┌──

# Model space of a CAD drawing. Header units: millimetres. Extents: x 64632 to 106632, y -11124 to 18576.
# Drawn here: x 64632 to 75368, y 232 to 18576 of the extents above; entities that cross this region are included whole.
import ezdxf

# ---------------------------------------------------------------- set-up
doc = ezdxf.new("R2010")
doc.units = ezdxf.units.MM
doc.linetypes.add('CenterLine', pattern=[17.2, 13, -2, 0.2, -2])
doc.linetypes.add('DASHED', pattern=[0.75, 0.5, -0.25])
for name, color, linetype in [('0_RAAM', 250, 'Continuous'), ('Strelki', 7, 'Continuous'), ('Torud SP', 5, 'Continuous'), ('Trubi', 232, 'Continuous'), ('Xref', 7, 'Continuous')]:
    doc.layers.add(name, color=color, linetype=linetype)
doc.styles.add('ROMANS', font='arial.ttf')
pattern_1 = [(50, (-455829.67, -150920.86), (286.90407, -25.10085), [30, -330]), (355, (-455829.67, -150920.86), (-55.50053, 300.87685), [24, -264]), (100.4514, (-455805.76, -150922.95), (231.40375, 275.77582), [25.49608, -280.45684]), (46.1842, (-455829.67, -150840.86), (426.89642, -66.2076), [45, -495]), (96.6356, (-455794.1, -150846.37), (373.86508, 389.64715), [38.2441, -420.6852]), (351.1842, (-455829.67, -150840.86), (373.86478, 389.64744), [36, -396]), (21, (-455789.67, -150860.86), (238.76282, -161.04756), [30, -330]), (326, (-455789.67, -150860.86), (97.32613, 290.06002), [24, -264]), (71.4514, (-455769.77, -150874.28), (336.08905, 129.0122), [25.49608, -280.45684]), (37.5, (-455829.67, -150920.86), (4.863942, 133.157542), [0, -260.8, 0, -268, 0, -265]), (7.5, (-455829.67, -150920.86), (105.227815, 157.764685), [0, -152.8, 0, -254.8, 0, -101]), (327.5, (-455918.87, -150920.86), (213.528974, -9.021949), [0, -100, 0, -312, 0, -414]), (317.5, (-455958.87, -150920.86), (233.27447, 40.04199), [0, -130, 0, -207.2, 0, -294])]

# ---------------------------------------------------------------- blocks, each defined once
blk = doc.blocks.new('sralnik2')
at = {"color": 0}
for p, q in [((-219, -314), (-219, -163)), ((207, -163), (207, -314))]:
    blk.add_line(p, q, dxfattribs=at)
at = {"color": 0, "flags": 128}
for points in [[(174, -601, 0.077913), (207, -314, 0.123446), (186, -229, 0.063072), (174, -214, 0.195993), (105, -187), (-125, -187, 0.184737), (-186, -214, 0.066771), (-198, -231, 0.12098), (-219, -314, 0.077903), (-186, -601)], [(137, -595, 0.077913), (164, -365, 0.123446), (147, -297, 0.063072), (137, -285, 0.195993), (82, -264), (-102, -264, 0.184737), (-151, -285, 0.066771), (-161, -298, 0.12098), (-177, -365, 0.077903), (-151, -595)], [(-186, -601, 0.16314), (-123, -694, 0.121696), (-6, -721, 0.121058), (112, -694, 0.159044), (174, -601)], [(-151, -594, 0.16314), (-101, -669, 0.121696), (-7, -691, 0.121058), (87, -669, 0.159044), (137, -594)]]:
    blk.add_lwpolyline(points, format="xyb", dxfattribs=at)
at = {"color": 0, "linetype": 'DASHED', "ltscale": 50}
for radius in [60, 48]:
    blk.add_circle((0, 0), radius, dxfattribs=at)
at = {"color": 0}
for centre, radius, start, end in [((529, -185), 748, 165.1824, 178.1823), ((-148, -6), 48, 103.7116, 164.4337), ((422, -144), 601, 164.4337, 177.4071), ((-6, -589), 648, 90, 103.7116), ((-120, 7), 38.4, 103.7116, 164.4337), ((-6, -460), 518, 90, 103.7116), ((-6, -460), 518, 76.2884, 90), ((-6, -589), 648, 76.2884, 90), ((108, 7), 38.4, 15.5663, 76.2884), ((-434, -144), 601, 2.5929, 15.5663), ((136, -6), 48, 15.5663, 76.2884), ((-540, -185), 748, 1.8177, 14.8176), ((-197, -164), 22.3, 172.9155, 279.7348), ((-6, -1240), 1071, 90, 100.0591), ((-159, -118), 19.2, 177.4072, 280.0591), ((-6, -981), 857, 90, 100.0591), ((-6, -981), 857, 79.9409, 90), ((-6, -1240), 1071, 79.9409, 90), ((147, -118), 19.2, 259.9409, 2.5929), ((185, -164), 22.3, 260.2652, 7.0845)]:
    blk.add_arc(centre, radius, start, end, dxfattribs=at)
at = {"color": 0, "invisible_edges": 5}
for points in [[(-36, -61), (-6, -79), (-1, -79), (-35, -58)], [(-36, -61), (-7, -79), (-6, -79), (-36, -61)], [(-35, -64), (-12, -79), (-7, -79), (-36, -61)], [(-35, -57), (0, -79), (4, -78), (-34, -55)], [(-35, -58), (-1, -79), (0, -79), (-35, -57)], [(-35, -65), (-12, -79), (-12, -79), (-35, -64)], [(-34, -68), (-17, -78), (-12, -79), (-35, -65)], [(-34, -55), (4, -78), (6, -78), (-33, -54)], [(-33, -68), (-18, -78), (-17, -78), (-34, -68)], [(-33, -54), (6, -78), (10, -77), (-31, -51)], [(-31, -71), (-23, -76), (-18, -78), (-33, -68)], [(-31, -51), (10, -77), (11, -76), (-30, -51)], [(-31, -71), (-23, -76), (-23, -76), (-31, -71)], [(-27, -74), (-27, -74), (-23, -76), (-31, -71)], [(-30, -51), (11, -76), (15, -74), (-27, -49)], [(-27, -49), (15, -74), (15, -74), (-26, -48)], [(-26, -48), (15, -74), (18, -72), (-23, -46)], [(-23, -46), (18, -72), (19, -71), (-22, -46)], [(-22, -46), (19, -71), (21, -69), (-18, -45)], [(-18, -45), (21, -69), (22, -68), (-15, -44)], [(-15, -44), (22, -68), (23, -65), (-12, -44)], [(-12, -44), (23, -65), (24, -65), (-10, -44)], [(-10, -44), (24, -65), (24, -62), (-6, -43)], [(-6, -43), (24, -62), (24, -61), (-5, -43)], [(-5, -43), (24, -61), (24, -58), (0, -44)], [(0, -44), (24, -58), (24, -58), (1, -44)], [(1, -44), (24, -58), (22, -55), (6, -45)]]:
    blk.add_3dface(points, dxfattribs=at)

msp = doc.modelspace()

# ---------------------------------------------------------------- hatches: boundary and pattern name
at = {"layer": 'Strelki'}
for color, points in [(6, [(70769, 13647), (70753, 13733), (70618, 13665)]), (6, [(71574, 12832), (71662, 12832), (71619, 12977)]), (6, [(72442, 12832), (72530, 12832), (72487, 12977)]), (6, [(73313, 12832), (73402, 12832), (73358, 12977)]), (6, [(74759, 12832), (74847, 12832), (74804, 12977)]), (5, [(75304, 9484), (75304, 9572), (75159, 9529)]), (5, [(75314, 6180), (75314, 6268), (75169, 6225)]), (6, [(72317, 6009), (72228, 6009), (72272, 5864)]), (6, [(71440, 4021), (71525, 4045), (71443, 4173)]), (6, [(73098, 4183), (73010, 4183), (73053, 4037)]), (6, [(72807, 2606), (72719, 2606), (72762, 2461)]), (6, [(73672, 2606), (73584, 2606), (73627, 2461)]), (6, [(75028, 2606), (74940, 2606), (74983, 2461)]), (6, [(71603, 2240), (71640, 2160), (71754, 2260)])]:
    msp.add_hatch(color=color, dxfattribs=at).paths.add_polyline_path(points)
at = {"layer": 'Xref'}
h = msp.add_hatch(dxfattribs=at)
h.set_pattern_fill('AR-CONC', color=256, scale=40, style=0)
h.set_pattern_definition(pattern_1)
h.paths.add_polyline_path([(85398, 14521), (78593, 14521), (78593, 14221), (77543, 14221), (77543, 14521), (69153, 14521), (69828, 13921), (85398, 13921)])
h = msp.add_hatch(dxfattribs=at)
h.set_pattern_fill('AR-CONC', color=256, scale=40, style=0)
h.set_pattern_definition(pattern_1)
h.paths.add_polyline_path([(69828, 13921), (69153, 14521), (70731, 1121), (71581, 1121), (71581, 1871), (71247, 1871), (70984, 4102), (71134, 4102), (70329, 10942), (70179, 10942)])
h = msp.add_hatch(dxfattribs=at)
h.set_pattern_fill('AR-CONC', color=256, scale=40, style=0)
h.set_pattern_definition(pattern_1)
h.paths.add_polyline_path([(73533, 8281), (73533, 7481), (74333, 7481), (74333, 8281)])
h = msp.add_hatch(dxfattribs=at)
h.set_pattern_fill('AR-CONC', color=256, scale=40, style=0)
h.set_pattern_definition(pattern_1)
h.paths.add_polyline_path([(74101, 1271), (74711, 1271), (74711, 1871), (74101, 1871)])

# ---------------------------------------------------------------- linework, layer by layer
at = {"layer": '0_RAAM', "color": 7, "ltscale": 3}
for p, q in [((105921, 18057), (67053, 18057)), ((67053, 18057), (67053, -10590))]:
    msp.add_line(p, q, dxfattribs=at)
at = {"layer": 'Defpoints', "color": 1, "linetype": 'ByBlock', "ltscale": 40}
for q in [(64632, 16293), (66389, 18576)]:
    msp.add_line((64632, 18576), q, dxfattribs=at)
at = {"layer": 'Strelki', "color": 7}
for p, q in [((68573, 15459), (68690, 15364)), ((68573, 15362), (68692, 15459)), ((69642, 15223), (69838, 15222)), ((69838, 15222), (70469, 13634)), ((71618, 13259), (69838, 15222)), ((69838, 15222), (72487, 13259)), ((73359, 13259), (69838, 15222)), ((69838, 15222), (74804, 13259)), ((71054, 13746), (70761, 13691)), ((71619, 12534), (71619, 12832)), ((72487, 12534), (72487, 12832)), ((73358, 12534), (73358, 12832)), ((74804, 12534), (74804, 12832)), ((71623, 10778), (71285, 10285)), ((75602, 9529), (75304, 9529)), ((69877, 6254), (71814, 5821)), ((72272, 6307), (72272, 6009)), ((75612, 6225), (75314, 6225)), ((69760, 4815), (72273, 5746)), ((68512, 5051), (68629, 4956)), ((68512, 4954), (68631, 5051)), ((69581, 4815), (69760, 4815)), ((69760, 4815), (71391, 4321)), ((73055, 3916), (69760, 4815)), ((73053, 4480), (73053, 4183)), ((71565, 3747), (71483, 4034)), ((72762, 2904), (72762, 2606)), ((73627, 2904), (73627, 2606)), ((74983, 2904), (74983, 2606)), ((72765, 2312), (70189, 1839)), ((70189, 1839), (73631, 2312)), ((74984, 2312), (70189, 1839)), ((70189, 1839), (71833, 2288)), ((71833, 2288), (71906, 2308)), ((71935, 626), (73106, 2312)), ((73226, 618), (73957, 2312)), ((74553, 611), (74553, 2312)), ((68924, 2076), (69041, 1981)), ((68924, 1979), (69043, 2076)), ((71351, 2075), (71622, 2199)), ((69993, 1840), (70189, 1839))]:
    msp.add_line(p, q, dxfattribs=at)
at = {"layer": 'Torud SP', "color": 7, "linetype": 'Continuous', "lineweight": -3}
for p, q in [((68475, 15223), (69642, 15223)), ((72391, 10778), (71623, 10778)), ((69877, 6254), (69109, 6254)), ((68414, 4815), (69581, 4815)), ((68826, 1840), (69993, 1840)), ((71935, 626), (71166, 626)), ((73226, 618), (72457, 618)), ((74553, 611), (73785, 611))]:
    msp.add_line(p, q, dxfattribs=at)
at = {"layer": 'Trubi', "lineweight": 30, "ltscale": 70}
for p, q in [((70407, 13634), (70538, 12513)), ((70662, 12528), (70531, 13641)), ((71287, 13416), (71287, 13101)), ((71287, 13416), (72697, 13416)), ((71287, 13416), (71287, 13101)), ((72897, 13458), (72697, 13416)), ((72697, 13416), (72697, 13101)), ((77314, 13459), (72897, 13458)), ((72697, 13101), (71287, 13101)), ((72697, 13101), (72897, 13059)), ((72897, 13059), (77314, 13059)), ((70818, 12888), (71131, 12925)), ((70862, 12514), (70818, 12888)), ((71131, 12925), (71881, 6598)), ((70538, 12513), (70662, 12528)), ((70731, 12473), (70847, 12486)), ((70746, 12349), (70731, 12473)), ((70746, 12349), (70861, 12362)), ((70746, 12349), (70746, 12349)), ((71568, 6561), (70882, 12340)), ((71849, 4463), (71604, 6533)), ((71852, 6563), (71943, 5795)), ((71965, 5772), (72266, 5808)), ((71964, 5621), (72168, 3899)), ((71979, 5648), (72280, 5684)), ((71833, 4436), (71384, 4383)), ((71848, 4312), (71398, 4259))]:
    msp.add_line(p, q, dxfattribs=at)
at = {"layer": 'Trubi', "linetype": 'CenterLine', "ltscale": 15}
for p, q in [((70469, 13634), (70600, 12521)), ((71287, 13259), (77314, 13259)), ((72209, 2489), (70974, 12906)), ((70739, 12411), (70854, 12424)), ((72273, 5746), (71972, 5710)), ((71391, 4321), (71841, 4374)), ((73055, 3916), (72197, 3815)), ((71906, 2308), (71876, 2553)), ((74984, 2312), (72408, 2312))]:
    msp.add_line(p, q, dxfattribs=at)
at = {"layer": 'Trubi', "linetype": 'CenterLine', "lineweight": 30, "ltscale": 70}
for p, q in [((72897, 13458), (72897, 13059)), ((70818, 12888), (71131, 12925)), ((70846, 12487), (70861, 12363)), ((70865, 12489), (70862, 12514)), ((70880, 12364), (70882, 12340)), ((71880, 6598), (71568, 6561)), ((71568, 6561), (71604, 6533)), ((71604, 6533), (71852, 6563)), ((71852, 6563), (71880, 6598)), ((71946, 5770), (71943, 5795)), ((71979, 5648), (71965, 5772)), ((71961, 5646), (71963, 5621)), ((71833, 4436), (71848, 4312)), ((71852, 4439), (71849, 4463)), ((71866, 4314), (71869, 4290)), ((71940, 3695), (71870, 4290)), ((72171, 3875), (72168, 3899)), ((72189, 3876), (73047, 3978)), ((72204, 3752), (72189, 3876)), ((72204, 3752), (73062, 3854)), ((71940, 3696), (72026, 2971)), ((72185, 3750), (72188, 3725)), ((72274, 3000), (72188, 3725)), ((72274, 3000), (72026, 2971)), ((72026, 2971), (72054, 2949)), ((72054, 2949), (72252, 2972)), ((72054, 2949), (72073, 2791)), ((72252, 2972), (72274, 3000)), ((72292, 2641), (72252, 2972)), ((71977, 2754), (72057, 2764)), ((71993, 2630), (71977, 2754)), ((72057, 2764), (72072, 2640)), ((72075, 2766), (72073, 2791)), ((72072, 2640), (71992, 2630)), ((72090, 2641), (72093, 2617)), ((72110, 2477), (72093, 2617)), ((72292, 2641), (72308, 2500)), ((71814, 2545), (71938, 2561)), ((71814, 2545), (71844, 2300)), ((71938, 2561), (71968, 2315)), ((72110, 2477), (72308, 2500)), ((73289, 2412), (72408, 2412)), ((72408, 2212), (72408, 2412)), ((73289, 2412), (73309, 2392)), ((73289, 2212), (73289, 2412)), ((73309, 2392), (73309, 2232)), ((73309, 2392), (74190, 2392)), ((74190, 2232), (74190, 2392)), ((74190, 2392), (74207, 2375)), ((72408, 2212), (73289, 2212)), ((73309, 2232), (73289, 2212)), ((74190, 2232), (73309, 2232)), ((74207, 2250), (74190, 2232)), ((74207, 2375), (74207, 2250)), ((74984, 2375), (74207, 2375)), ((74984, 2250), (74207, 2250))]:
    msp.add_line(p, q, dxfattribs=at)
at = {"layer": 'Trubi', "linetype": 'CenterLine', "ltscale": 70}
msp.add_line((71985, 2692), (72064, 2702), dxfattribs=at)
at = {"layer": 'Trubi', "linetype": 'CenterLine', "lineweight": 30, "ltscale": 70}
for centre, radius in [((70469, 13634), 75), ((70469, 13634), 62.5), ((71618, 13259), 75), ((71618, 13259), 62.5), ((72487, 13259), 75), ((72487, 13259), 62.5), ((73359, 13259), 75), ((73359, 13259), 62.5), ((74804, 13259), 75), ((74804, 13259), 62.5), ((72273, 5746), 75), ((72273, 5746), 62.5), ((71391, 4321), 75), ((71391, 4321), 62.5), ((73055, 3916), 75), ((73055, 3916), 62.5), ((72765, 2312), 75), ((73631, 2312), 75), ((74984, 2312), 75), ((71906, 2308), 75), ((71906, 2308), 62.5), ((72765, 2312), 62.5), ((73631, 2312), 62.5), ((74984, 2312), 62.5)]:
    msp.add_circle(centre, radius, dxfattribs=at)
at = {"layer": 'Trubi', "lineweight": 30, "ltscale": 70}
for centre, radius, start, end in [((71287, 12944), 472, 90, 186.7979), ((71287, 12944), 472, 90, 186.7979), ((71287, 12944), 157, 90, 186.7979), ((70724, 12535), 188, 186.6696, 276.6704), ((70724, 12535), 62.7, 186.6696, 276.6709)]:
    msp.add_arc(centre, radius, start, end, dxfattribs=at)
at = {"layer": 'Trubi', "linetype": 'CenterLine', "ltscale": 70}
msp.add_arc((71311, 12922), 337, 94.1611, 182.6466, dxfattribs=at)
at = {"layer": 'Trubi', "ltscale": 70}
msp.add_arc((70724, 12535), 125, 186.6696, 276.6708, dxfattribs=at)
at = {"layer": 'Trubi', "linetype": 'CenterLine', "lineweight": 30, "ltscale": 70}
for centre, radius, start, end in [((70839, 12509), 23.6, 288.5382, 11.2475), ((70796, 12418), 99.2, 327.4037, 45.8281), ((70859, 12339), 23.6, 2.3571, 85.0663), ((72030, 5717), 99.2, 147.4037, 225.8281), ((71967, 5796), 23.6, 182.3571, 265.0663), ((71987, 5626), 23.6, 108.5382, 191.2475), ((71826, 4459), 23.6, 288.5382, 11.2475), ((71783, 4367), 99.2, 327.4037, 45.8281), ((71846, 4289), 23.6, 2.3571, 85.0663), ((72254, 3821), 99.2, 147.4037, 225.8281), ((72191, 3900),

└──

**Problem to work on**
Could you show every line of the material that includes the string "DASHED"?

**Written response**
doc.linetypes.add('DASHED', pattern=[0.75, 0.5, -0.25])
at = {"color": 0, "linetype": 'DASHED', "ltscale": 50}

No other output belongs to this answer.